The present invention relates to a method of accessing a communication medium.
Communication traffic between communication apparatus, such as a base station and a plurality of communication stations forming a Local Area Network (LAN), can comprise asynchronous traffic or isochronous traffic.
Asynchronous traffic exhibits unpredictable traffic timing, at which a fast burst of packets is generated, and while such traffic requires fast response times in the stations, a wide range of instantaneous packet delays can be tolerated provided the average delay in the stations is within acceptable limits. An example of asynchronous traffic communication is the communication that occurs between computer systems when a file has to be transferred relatively infrequently but at a high speed once the communication commences. A large LAN bandwidth must be available to the asynchronous traffic to allow for the fast transfer of the file.
Communication-medium access protocols that are established having regard to the above mentioned characteristics of asynchronous stations are based on a so-called Distributed Access Protocol in which the medium access procedure is shared by all the stations connected to the medium.
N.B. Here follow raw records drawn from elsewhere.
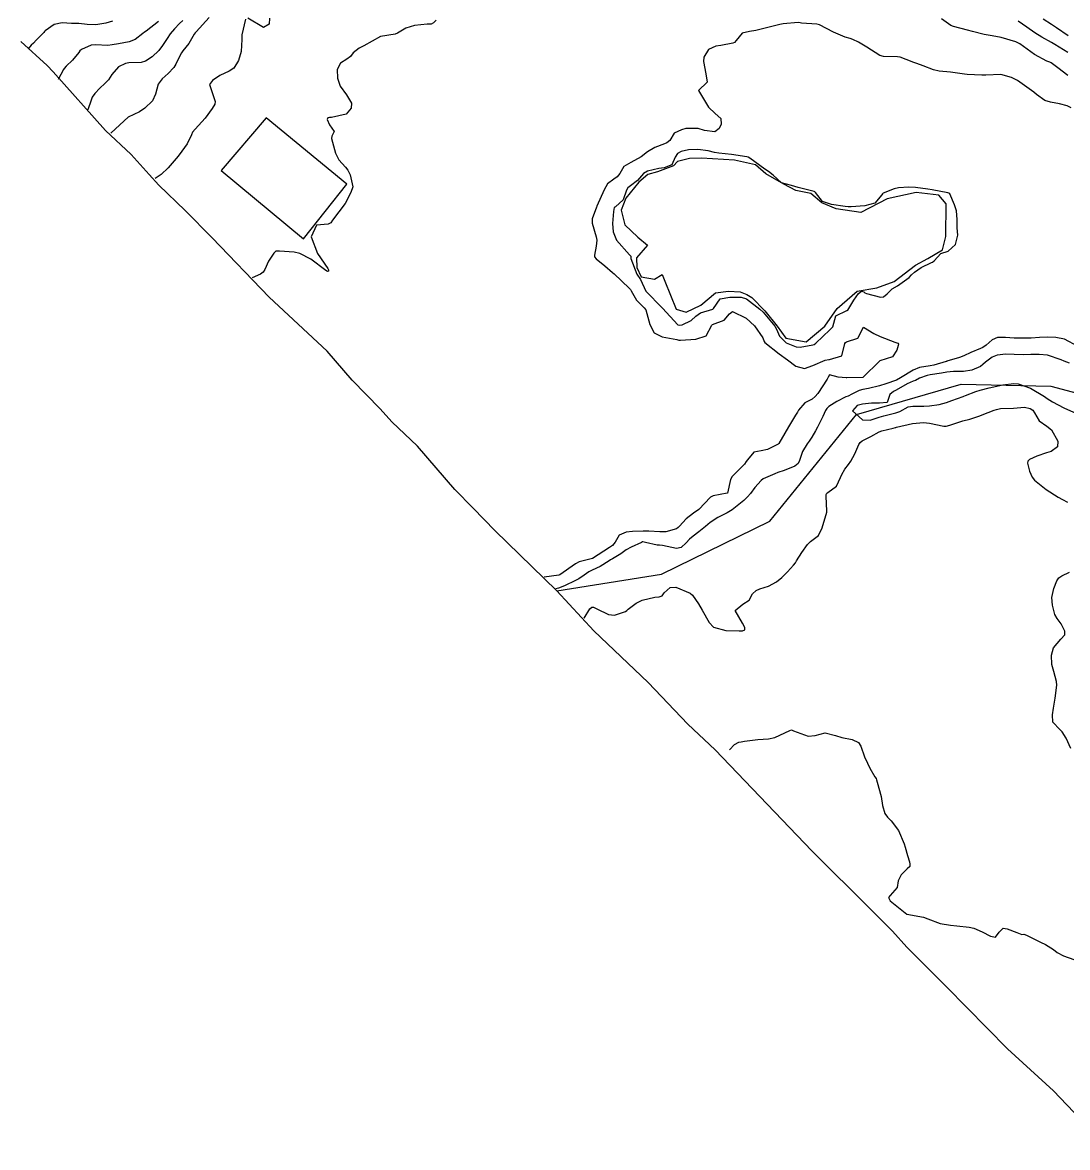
# Model space of a CAD drawing. Header units: metres. Extents: x 298520 to 308411, y 7433745 to 7450750.
# Drawn here: x 300308.3 to 300433, y 7448530.8 to 7448665.1 of the extents above; entities that cross this region are included whole.
import ezdxf

# ---------------------------------------------------------------- set-up
doc = ezdxf.new("R2010")
doc.units = ezdxf.units.M
doc.header["$LTSCALE"] = 10
for name, color, linetype in [('Area', 45, 'Continuous'), ('Curvas de Nivel 1m', 11, 'Continuous'), ('Curvas de Nivel 5m', 15, 'Continuous'), ('Edificações', 30, 'Continuous'), ('Hidrografia', 140, 'Continuous')]:
    doc.layers.add(name, color=color, linetype=linetype)

msp = doc.modelspace()

# ---------------------------------------------------------------- linework, layer by layer
at = {"layer": 'Area'}
msp.add_polyline3d([(300437.78, 7448530.83, 683.99), (300431.32, 7448537.59, 684.57), (300425.86, 7448542.61, 683.53), (300418.56, 7448550, 683.76), (300413.85, 7448554.73, 683.05), (300412.14, 7448556.66, 683.73), (300409.58, 7448559.18, 683), (300402.5, 7448566.23, 683.41), (300390.98, 7448578.28, 682.3), (300387.72, 7448581.33, 685.75), (300382.97, 7448586.32, 682.44), (300376.48, 7448592.47, 684.02), (300372.08, 7448597.27, 682.98), (300364.71, 7448604.47, 683.42), (300362.1, 7448607.1, 683.39), (300359.9, 7448609.34, 683.52), (300355.47, 7448614.52, 683.6), (300352.4, 7448617.42, 683.59), (300351, 7448618.96, 683.47), (300347.66, 7448622.4, 683.46), (300344.7, 7448625.87, 683.59), (300337.76, 7448632.29, 683.96), (300330.97, 7448639.36, 699.48), (300327.74, 7448642.64, 699.96), (300324.63, 7448645.67, 696.41), (300323.47, 7448646.95, 685.13), (300321.32, 7448649.32, 685.64), (300318.25, 7448652.17, 686.17), (300311.99, 7448659.19, 688.02), (300311.3, 7448659.94, 688.3), (300308.16, 7448662.82, 702.59)], dxfattribs=at)
at = {"layer": 'Curvas de Nivel 1m', "flags": 128}
for points, elevation in [([(300319.09, 7448665.22), (300318.27, 7448664.99), (300317.08, 7448664.78), (300316.08, 7448664.83), (300315.08, 7448664.94), (300314.18, 7448664.95), (300313.08, 7448665.03), (300312.12, 7448664.85), (300311.07, 7448664.06), (300310.99, 7448663.98), (300310.88, 7448663.89), (300309.99, 7448662.97), (300309.65, 7448662.61), (300309.39, 7448662.36), (300309.04, 7448661.92)], 689), ([(300324.57, 7448665.21), (300323.08, 7448664.04), (300322.91, 7448663.92), (300322.69, 7448663.75), (300321.77, 7448663.06), (300321.06, 7448662.76), (300319.8, 7448662.53), (300319.06, 7448662.39), (300318.53, 7448662.34), (300317.06, 7448662.39), (300316.52, 7448662.36), (300315.38, 7448661.84), (300315.2, 7448661.69), (300315.05, 7448661.5), (300314.32, 7448660.56), (300313.57, 7448659.86), (300313.3, 7448659.59), (300313.22, 7448659.46), (300312.62, 7448658.26)], 688), ([(300327.46, 7448665.32), (300327.09, 7448664.95), (300326.47, 7448664.32), (300325.95, 7448663.71), (300325.6, 7448663.18), (300325.06, 7448662.32), (300324.6, 7448661.73), (300323.8, 7448660.98), (300323.03, 7448660.45), (300322.5, 7448660.29), (300321.03, 7448660.24), (300320.62, 7448660.19), (300319.79, 7448659.79), (300319.01, 7448658.86), (300318.59, 7448658.22), (300318.18, 7448657.81), (300317.58, 7448657.24), (300316.99, 7448656.6), (300316.66, 7448656.15), (300316.55, 7448655.82), (300316.16, 7448654.64)], 687), ([(300330.63, 7448665.66), (300329.08, 7448663.96), (300328.94, 7448663.82), (300328.83, 7448663.68), (300328.17, 7448662.58), (300327.49, 7448661.7), (300327.3, 7448661.45), (300327.04, 7448660.92), (300326.64, 7448660.09), (300326.39, 7448659.71), (300325.73, 7448658.99), (300325.01, 7448658.35), (300324.53, 7448657.73), (300324.2, 7448656.52), (300323.84, 7448655.74), (300322.96, 7448654.86), (300322.3, 7448654.42), (300320.95, 7448653.77), (300318.93, 7448651.9), (300318.88, 7448651.85)], 686), ([(300357.68, 7448665.33), (300357.39, 7448665.03), (300357.09, 7448664.89), (300356.6, 7448664.86), (300355.09, 7448664.7), (300354.07, 7448664.39), (300353.08, 7448663.78), (300352.8, 7448663.66), (300351.07, 7448663.41), (300349.06, 7448662.3), (300348.49, 7448662.01), (300347.81, 7448661.45), (300347.48, 7448661.02), (300347.04, 7448660.69), (300346.29, 7448660.21), (300345.9, 7448659.48), (300345.94, 7448658.41), (300346.26, 7448657.47), (300346.99, 7448656.45), (300347.59, 7448655.45), (300347.56, 7448654.86), (300346.96, 7448654.12), (300345.19, 7448653.72), (300344.96, 7448653.74), (300344.75, 7448653.7), (300344.68, 7448653.49), (300344.95, 7448652.86), (300345.52, 7448652.06), (300345.24, 7448651.49), (300345.19, 7448651.22), (300345.67, 7448649.48), (300346.09, 7448648.67), (300346.89, 7448647.79), (300347.17, 7448647.46), (300347.45, 7448646.88), (300347.76, 7448645.45), (300347.5, 7448644.8), (300346.83, 7448643.46), (300345.34, 7448641.48), (300345.12, 7448641.17), (300344.81, 7448641.01), (300343.4, 7448640.9), (300342.78, 7448639.51), (300343.55, 7448637.5), (300344.75, 7448635.72), (300344.83, 7448635.57), (300344.85, 7448635.49), (300344.83, 7448635.4), (300344.74, 7448635.37), (300344.53, 7448635.49), (300342.76, 7448636.85), (300341.43, 7448637.52), (300340.76, 7448637.67), (300338.99, 7448637.78), (300338.77, 7448637.8), (300338.56, 7448637.77), (300338.34, 7448637.56), (300337.71, 7448636.61), (300337.24, 7448635.58), (300337.04, 7448635.28), (300336.73, 7448635.03), (300335.73, 7448634.6)], 684), ([(300433.03, 7448658.73), (300431.84, 7448659.65), (300431.04, 7448660.24), (300430.9, 7448660.32), (300430.52, 7448660.47), (300429.05, 7448661.26), (300427.3, 7448662.51), (300427.07, 7448662.66), (300426.82, 7448662.77), (300425.08, 7448663.28), (300424.01, 7448663.47), (300423.08, 7448663.65), (300421.67, 7448663.99), (300421.09, 7448664.14), (300419.41, 7448664.6), (300419.09, 7448664.73), (300417.98, 7448665.49)], 684), ([(300433.08, 7448663.47), (300431.7, 7448664.45), (300431.1, 7448664.84), (300430.08, 7448665.45)], 686), ([(300433.45, 7448654.9), (300432.98, 7448655.12), (300432.06, 7448655.37), (300430.98, 7448655.55), (300430.29, 7448655.77), (300429.3, 7448656.49), (300429, 7448656.75), (300428.16, 7448657.34), (300427.02, 7448658.14), (300426.34, 7448658.52), (300425.03, 7448658.85), (300423.25, 7448658.78), (300423.03, 7448658.77), (300422.8, 7448658.79), (300421.03, 7448658.86), (300420.72, 7448658.89), (300419.03, 7448659.13), (300417.68, 7448659.27), (300417.03, 7448659.42), (300415.78, 7448659.9), (300415.04, 7448660.17), (300414.68, 7448660.3), (300413.75, 7448660.67), (300413.05, 7448660.93), (300412.74, 7448660.99), (300411.05, 7448661.01), (300410.63, 7448661.13), (300409.06, 7448662.11), (300408.08, 7448662.73), (300407.38, 7448663.05), (300407.08, 7448663.15), (300406.5, 7448663.34), (300405.08, 7448663.93), (300403.4, 7448664.79), (300403.09, 7448664.88), (300401.29, 7448665.01), (300401.1, 7448665.04), (300400.86, 7448665.06), (300399.09, 7448664.93), (300398.69, 7448664.85), (300397.09, 7448664.44), (300395.84, 7448664.13), (300395.08, 7448664), (300394.18, 7448663.8), (300393.48, 7448662.91), (300393.27, 7448662.7), (300393.07, 7448662.6), (300391.66, 7448662.34), (300391.06, 7448662.24), (300390.17, 7448661.84), (300389.64, 7448660.95), (300389.59, 7448660.4), (300389.86, 7448658.95), (300390.01, 7448657.95), (300389, 7448656.96), (300390.19, 7448654.95), (300390.97, 7448654.23), (300391.63, 7448653.6), (300391.7, 7448652.93), (300391.45, 7448652.42), (300390.94, 7448652.04), (300389.7, 7448652.2), (300388.95, 7448652.44), (300387.48, 7448652.44), (300386.94, 7448652.27), (300386.09, 7448651.85), (300385.56, 7448651), (300385.2, 7448650.73), (300384.92, 7448650.59), (300383.78, 7448650.15), (300382.91, 7448649.64), (300382.13, 7448649.04), (300380.9, 7448648.38), (300380.09, 7448647.87), (300379.59, 7448647.07), (300379.3, 7448646.66), (300378.87, 7448646.37), (300378.12, 7448645.83), (300377.72, 7448645.1), (300376.87, 7448643.15), (300376.85, 7448643.11), (300376.83, 7448643.05), (300376.31, 7448641.63), (300376.3, 7448641.12), (300376.79, 7448639.48), (300376.84, 7448639.11), (300376.78, 7448638.39), (300376.56, 7448637.32), (300376.59, 7448637.11), (300376.76, 7448636.88), (300377.81, 7448636.03), (300378.74, 7448635.26), (300378.93, 7448635.08), (300380.72, 7448633.38), (300380.87, 7448633.22), (300380.97, 7448633.06), (300381.59, 7448631.93), (300382.5, 7448631.03), (300382.69, 7448630.77), (300383.19, 7448629.03), (300383.68, 7448628.06), (300384.65, 7448627.57), (300386.41, 7448627.23), (300386.64, 7448627.18), (300386.83, 7448627.17), (300388.65, 7448627.27), (300389.91, 7448627.68), (300390.58, 7448628.94), (300390.61, 7448628.99), (300390.66, 7448629.02), (300392.05, 7448629.55), (300392.68, 7448630.29), (300393.03, 7448630.57), (300394.68, 7448629.78), (300395.66, 7448628.88), (300396.65, 7448627.45), (300396.8, 7448627.02), (300396.9, 7448626.87), (300398.62, 7448625.54), (300399.62, 7448624.83), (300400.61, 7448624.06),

An example of a Distributed Access Protocol is the Carrier Sense Multiple Access with Collision Detection (CSMA/CD) protocol used as part of the Ethernet and IEEE 802.3 communication protocols.
Isochronous traffic requires a predictable channel bandwidth and can tolerate a long average packet-delay in the stations provided the variations in the delays of different packets are within narrow limits. Also, isochronous packets that are not delivered within a specified delay are generally discarded. The quality of the isochronous communication depends upon the application requirements, but generally a pre-defined bandwidth is required along with a bit-error-rate limit or packet-error-rate limit. An example of isochronous traffic is so-called packetized-voice traffic. This traffic comprises voice data in the form of a steady stream of packets that needs a limited bandwidth and also a regular delay characteristic to achieve a steady packet stream for the relatively long call duration. Other examples are industrial processes that need to react to known situations or events at an accurately determinable time. Networks that can handle isochronous traffic employ so-called Connection Oriented access protocols in which a connection between the stations is established and the stations are assigned a channel with a well defined bandwidth and delay characteristic. An example of such a network is the Integrated Services Digital Network (ISDN) which employs a Time Division Multiple Access (TDMA) protocol to service multiple stations in the network.
From the above it can be seen that asynchronous and isochronous communication each have very different requirements and characteristics. Thus, when asynchronous and isochronous communication is required in the same LAN, the asynchronous packets are transferred via a different medium (i.e. cable) from the isochronous packets and different access protocols are employed on the different media. This disadvantageously increases the cost and complexity of the LAN and is particularly disadvantageously restrictive in that isochronous and asynchronous traffic cannot be readily provided in a wireless LAN where the stations have to share the same wireless medium. Such wireless LANs are being increasingly provided for devices such as notebook P.C.s or Personal Digital Assistance (PDA) devices. It would be advantageous if such devices could provide for the communication of real-time mobile packets along with data packets, and so a method of accessing a communication medium is required that provides for the sharing of the same medium by asynchronous and isochronous traffic.